■ Source material:
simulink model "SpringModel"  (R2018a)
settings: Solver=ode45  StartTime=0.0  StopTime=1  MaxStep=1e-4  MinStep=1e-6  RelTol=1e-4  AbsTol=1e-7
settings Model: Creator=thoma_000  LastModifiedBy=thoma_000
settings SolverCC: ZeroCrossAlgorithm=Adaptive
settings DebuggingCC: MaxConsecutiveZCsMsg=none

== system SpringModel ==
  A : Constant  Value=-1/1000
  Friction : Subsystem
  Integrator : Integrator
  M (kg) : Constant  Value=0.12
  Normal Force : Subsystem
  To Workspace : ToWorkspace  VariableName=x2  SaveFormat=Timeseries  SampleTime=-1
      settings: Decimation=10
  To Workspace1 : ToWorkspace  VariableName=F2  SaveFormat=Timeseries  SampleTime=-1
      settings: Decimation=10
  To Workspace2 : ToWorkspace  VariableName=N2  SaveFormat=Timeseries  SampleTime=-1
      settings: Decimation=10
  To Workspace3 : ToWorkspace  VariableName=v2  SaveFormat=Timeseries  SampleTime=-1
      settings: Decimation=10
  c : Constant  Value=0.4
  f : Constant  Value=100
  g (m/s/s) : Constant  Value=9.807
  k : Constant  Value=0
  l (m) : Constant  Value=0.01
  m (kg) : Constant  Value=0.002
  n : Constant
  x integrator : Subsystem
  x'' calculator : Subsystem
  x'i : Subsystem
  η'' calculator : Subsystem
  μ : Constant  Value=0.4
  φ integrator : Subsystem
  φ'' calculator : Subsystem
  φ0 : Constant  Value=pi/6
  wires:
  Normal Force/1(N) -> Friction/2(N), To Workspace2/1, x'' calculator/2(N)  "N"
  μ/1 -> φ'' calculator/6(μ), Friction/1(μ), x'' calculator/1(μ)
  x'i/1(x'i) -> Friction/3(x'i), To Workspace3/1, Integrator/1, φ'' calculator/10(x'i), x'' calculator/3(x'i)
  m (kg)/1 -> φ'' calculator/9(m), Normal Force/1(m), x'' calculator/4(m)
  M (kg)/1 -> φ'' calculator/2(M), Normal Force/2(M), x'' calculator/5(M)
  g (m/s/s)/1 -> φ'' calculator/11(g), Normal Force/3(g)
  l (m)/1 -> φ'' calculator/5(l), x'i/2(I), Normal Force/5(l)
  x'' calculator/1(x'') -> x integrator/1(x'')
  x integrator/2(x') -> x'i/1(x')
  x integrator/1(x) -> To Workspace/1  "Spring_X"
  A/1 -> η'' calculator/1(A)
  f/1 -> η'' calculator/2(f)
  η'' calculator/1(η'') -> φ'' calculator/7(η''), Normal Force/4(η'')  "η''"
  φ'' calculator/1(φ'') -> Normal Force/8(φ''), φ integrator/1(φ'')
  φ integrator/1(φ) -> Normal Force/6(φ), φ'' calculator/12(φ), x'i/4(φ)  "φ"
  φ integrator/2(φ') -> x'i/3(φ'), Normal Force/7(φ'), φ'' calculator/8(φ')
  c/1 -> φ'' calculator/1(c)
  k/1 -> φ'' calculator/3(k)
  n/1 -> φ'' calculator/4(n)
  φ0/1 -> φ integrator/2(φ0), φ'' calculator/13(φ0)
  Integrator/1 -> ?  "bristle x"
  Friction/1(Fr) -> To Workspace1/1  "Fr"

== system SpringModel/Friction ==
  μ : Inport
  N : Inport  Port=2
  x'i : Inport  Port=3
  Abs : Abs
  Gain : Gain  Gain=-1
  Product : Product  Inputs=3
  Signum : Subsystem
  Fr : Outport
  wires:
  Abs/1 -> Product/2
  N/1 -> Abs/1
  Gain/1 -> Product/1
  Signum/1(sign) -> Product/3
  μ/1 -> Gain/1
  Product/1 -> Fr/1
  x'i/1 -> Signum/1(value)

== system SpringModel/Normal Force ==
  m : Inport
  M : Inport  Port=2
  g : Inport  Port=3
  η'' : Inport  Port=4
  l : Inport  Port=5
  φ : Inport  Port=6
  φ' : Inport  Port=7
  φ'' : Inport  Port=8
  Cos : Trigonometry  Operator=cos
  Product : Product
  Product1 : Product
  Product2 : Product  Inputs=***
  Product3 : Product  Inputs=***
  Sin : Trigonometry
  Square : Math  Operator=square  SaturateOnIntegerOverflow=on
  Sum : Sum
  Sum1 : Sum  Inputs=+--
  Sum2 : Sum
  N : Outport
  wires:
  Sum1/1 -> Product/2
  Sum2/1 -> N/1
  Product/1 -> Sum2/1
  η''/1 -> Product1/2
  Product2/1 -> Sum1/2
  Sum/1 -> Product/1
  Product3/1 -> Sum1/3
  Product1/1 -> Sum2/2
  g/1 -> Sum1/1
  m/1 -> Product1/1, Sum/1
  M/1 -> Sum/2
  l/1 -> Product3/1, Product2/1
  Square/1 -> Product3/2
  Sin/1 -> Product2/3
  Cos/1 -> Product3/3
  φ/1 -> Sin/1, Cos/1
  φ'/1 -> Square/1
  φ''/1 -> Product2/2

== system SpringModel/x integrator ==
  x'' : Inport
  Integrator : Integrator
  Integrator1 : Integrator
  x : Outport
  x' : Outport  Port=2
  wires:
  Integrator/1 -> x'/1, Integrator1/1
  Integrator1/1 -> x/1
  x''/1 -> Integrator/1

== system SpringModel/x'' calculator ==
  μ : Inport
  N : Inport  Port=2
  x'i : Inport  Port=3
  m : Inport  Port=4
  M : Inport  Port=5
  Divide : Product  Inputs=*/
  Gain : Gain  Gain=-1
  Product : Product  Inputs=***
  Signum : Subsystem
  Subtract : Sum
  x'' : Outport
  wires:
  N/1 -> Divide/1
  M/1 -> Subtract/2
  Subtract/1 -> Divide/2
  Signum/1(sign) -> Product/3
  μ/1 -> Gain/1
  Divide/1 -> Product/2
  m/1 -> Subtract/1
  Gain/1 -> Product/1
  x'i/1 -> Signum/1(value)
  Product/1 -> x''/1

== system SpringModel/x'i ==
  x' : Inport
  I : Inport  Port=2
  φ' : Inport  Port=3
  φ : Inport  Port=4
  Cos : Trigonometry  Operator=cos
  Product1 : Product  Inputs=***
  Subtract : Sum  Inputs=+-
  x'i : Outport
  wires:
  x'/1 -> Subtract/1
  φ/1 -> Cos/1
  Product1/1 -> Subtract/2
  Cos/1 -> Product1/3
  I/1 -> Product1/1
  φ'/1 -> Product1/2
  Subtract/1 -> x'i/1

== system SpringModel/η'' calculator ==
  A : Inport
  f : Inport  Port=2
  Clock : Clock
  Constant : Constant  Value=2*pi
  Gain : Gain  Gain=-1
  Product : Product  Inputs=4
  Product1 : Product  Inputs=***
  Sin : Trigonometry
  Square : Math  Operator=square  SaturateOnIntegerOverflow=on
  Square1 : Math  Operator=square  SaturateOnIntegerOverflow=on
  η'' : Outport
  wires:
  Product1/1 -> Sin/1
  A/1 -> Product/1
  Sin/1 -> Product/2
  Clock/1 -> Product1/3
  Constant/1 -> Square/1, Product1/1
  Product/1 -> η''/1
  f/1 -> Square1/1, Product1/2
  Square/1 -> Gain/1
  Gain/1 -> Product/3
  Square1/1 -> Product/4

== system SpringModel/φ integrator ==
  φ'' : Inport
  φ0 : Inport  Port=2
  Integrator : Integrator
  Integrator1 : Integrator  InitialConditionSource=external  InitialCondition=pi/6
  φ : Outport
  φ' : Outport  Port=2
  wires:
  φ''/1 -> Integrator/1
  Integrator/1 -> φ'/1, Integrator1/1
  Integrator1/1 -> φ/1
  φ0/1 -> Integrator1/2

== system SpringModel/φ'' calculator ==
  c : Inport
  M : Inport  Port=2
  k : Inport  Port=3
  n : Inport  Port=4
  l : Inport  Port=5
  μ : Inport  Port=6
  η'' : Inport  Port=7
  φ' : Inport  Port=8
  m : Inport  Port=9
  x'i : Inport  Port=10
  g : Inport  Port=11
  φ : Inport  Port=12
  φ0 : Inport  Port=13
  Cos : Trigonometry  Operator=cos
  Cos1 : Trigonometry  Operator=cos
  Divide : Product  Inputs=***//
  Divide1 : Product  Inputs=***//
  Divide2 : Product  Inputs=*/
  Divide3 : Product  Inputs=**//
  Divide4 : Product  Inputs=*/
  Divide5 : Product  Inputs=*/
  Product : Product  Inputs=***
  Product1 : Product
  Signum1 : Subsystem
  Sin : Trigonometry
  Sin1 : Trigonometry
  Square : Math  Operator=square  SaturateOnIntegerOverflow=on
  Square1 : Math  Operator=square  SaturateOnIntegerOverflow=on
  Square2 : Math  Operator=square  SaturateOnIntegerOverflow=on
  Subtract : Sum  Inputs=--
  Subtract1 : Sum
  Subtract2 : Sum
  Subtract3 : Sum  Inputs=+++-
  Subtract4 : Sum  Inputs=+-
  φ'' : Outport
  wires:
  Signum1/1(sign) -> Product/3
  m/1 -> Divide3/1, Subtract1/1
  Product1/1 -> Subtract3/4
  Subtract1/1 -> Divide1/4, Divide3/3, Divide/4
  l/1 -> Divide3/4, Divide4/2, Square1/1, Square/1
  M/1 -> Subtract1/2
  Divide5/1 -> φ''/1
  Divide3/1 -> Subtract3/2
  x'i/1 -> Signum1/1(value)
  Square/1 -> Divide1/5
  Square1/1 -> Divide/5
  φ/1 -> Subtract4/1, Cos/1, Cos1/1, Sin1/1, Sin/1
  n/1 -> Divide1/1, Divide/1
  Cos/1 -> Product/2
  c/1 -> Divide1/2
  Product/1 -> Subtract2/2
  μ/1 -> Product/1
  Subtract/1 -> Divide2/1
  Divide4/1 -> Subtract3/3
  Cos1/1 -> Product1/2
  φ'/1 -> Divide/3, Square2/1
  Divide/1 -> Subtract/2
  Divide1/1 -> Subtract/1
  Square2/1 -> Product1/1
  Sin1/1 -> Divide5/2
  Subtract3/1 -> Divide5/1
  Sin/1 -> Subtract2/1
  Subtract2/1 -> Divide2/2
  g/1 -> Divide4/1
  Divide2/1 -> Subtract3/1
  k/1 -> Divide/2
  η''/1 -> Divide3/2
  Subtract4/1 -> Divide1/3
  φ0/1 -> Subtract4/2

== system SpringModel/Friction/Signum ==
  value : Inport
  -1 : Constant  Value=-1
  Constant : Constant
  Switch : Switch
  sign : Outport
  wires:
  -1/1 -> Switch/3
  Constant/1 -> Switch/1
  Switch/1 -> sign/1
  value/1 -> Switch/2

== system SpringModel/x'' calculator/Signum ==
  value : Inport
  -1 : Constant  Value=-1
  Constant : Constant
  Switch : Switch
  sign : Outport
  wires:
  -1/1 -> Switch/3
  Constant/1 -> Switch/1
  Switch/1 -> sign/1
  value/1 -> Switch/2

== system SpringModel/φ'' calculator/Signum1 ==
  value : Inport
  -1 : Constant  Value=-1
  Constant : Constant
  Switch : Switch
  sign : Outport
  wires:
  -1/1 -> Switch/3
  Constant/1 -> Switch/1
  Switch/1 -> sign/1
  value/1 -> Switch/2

■ What is needed: Reproduce exactly the stretch of lines that starts at the one containing "Divide2 : Product" and ends with the final line of the data, including both ends and nothing more.

■ Task response:
  Divide2 : Product  Inputs=*/
  Divide3 : Product  Inputs=**//
  Divide4 : Product  Inputs=*/
  Divide5 : Product  Inputs=*/
  Product : Product  Inputs=***
  Product1 : Product
  Signum1 : Subsystem
  Sin : Trigonometry
  Sin1 : Trigonometry
  Square : Math  Operator=square  SaturateOnIntegerOverflow=on
  Square1 : Math  Operator=square  SaturateOnIntegerOverflow=on
  Square2 : Math  Operator=square  SaturateOnIntegerOverflow=on
  Subtract : Sum  Inputs=--
  Subtract1 : Sum
  Subtract2 : Sum
  Subtract3 : Sum  Inputs=+++-
  Subtract4 : Sum  Inputs=+-
  φ'' : Outport
  wires:
  Signum1/1(sign) -> Product/3
  m/1 -> Divide3/1, Subtract1/1
  Product1/1 -> Subtract3/4
  Subtract1/1 -> Divide1/4, Divide3/3, Divide/4
  l/1 -> Divide3/4, Divide4/2, Square1/1, Square/1
  M/1 -> Subtract1/2
  Divide5/1 -> φ''/1
  Divide3/1 -> Subtract3/2
  x'i/1 -> Signum1/1(value)
  Square/1 -> Divide1/5
  Square1/1 -> Divide/5
  φ/1 -> Subtract4/1, Cos/1, Cos1/1, Sin1/1, Sin/1
  n/1 -> Divide1/1, Divide/1
  Cos/1 -> Product/2
  c/1 -> Divide1/2
  Product/1 -> Subtract2/2
  μ/1 -> Product/1
  Subtract/1 -> Divide2/1
  Divide4/1 -> Subtract3/3
  Cos1/1 -> Product1/2
  φ'/1 -> Divide/3, Square2/1
  Divide/1 -> Subtract/2
  Divide1/1 -> Subtract/1
  Square2/1 -> Product1/1
  Sin1/1 -> Divide5/2
  Subtract3/1 -> Divide5/1
  Sin/1 -> Subtract2/1
  Subtract2/1 -> Divide2/2
  g/1 -> Divide4/1
  Divide2/1 -> Subtract3/1
  k/1 -> Divide/2
  η''/1 -> Divide3/2
  Subtract4/1 -> Divide1/3
  φ0/1 -> Subtract4/2

== system SpringModel/Friction/Signum ==
  value : Inport
  -1 : Constant  Value=-1
  Constant : Constant
  Switch : Switch
  sign : Outport
  wires:
  -1/1 -> Switch/3
  Constant/1 -> Switch/1
  Switch/1 -> sign/1
  value/1 -> Switch/2

== system SpringModel/x'' calculator/Signum ==
  value : Inport
  -1 : Constant  Value=-1
  Constant : Constant
  Switch : Switch
  sign : Outport
  wires:
  -1/1 -> Switch/3
  Constant/1 -> Switch/1
  Switch/1 -> sign/1
  value/1 -> Switch/2

== system SpringModel/φ'' calculator/Signum1 ==
  value : Inport
  -1 : Constant  Value=-1
  Constant : Constant
  Switch : Switch
  sign : Outport
  wires:
  -1/1 -> Switch/3
  Constant/1 -> Switch/1
  Switch/1 -> sign/1
  value/1 -> Switch/2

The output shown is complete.